Cette mesure expérimentale doit entrer en vigueur le 1er décembre, a indiqué hier Claude Jeanvoine, responsable de la CGT cheminots pour la région de Strasbourg. « Ce que l'on supprime, c'est une présence humaine qui est un facteur de sécurité à bord des trains », s'inquiète-t-il. Le syndicaliste annonce une nouvelle pétition et une distribution de tracts aux usagers demain, à la gare de Mulhouse.
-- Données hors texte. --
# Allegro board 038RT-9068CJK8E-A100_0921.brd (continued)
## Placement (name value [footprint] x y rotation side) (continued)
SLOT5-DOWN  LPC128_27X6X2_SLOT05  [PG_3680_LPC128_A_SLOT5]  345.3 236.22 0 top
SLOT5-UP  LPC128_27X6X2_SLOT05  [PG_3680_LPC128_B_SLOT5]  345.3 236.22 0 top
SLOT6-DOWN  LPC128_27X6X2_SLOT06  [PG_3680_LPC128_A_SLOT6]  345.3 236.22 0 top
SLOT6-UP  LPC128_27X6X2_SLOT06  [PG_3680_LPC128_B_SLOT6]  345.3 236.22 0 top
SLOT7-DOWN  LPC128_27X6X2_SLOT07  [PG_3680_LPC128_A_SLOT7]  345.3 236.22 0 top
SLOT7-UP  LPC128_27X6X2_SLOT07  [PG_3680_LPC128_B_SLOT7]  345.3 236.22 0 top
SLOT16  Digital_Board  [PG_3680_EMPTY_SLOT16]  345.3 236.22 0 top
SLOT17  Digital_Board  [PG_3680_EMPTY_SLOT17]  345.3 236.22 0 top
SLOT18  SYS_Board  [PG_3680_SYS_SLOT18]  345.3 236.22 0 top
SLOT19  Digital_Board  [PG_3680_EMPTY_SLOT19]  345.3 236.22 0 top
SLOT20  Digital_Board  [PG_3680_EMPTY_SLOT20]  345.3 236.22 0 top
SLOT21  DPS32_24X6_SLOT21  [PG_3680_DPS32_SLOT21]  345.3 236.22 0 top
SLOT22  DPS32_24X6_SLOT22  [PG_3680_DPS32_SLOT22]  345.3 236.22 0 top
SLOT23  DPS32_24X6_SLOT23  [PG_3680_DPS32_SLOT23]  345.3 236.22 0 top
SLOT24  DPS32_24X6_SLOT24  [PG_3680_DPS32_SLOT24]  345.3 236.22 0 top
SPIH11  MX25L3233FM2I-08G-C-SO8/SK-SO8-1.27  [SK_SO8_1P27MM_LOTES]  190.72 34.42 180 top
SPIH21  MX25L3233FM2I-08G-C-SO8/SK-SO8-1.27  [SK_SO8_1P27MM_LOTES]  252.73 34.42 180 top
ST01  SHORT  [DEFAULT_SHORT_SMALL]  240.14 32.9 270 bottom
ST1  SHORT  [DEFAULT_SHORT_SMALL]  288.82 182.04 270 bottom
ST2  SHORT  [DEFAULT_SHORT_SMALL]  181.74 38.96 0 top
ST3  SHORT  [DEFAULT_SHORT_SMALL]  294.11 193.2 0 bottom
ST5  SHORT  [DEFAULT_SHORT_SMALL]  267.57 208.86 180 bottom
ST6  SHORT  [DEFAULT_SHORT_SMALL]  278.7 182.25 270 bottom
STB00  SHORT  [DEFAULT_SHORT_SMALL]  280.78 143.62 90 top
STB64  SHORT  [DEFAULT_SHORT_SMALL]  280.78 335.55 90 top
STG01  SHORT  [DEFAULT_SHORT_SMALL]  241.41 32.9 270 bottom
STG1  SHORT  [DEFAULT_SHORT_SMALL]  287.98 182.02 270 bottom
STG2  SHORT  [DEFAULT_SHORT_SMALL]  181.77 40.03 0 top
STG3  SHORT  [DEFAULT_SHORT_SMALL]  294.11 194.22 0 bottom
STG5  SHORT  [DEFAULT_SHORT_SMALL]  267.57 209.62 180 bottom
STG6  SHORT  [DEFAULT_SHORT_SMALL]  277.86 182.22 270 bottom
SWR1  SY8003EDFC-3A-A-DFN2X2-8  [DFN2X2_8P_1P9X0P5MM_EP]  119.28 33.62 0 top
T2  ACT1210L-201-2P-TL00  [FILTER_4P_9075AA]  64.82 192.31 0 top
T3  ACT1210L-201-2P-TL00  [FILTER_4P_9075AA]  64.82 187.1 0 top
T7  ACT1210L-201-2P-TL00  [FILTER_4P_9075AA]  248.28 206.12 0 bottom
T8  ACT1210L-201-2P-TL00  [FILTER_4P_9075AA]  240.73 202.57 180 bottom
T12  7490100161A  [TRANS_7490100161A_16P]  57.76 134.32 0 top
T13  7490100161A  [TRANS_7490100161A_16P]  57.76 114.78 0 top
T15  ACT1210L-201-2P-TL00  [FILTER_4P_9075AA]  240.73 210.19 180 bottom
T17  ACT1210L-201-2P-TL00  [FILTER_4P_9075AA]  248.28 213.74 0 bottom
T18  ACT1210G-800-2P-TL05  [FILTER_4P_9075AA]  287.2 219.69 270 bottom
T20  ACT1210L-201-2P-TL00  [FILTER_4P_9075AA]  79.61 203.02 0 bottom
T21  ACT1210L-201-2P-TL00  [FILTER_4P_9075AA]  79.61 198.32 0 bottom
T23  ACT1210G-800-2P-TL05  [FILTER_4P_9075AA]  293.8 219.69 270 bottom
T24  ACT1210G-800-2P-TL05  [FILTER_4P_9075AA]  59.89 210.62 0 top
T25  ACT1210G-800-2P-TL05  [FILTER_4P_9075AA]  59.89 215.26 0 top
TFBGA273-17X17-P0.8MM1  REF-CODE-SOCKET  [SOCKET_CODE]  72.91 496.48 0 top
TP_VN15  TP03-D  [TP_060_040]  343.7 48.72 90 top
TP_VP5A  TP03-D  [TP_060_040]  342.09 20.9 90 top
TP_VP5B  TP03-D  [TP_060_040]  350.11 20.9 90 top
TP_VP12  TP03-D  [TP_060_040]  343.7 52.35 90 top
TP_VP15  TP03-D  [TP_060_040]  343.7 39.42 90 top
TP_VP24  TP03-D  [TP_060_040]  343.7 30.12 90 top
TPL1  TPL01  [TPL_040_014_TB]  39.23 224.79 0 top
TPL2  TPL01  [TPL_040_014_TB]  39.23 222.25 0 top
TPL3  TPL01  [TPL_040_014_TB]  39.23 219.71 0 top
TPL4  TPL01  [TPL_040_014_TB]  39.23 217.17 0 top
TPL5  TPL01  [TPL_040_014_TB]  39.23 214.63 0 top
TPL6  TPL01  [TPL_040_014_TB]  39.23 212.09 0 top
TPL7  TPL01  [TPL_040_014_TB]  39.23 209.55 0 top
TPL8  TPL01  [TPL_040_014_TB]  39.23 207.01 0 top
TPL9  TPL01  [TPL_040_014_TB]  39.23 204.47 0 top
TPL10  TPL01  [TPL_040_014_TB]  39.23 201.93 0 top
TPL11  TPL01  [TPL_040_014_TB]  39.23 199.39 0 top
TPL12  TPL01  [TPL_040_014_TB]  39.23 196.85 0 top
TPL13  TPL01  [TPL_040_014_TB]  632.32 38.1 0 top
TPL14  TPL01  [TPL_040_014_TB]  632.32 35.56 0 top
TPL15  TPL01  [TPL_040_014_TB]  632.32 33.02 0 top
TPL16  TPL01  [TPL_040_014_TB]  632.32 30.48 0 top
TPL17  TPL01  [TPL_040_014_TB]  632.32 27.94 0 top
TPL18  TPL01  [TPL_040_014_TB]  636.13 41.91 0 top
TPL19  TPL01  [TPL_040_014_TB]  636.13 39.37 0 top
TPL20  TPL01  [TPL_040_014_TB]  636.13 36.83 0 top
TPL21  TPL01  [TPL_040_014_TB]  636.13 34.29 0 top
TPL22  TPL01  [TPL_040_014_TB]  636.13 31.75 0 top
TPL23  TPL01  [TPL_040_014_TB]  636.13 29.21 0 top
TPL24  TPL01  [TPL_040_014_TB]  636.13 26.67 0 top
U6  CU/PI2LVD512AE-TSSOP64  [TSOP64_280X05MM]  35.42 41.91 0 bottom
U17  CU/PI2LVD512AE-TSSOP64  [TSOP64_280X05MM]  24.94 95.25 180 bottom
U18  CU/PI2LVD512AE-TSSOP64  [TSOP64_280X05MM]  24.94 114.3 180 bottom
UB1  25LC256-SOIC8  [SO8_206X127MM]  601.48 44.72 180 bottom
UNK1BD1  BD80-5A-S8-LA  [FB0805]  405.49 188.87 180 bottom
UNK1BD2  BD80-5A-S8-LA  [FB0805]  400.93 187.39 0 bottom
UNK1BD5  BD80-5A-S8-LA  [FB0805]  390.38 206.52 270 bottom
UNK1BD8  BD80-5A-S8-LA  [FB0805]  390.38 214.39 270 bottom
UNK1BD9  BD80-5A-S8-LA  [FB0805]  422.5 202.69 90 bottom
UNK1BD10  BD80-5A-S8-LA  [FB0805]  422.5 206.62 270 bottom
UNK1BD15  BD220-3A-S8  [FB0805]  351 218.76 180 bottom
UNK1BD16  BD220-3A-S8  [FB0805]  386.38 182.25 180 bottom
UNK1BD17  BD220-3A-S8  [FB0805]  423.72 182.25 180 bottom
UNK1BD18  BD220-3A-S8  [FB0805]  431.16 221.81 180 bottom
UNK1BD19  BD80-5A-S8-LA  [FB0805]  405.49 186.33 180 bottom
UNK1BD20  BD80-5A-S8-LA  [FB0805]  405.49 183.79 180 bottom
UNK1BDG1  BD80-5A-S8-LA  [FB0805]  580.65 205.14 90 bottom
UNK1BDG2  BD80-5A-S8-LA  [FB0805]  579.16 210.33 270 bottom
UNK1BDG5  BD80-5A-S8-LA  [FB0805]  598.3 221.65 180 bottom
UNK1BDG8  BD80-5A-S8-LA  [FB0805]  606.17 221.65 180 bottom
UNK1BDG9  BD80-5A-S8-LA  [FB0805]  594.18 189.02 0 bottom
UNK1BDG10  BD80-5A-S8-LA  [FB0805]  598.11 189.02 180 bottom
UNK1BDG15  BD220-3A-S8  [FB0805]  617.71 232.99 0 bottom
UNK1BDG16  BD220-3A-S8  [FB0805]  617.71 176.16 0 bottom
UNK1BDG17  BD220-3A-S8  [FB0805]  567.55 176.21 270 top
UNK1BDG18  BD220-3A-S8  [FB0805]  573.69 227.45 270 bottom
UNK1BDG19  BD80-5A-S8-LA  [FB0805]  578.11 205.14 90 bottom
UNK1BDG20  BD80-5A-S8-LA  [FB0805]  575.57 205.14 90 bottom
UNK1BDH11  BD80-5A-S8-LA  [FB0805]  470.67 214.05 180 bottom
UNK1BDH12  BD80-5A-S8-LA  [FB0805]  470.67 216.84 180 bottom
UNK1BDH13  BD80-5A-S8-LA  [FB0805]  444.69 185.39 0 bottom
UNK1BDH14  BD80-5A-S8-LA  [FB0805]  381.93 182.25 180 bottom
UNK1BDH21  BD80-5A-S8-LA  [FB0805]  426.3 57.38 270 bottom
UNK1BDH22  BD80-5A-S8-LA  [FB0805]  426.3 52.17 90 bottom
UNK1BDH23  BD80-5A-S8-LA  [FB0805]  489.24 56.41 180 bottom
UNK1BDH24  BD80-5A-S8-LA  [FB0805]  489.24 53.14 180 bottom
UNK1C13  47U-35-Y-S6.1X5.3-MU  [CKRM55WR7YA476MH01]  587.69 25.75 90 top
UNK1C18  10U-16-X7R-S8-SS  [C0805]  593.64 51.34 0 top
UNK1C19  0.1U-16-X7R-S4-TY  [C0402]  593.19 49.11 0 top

« Aujourd'hui, il y a un contrôleur par TER, or ce n'est plus adapté à la réalité, répond Jean-Pierre Farandou, directeur de SNCF Proximités. Les TER sont proches des RER en Ile-de-France, où ce sont des groupes de contrôleurs qui interviennent dans les trains de façon aléatoire. C'est la seule façon d'être efficace, car dans une rame bondée, un contrôleur seul ne peut rien faire. » Adrien Zeller insiste quant à lui sur le fait qu'« il n'a jamais été question de retirer les contrôleurs des TER » et qu'« aucun emploi n'est supprimé ». Et d'ajouter : « Nous sommes l'autorité organisatrice du transport régional et nous le finançons. La SNCF n'est que l'opérateur. Nous avons donc le devoir de faire mieux avec les moyens dont nous disposons, car il ne faut pas oublier que les trois quarts du billet sont payés par le contribuable local. »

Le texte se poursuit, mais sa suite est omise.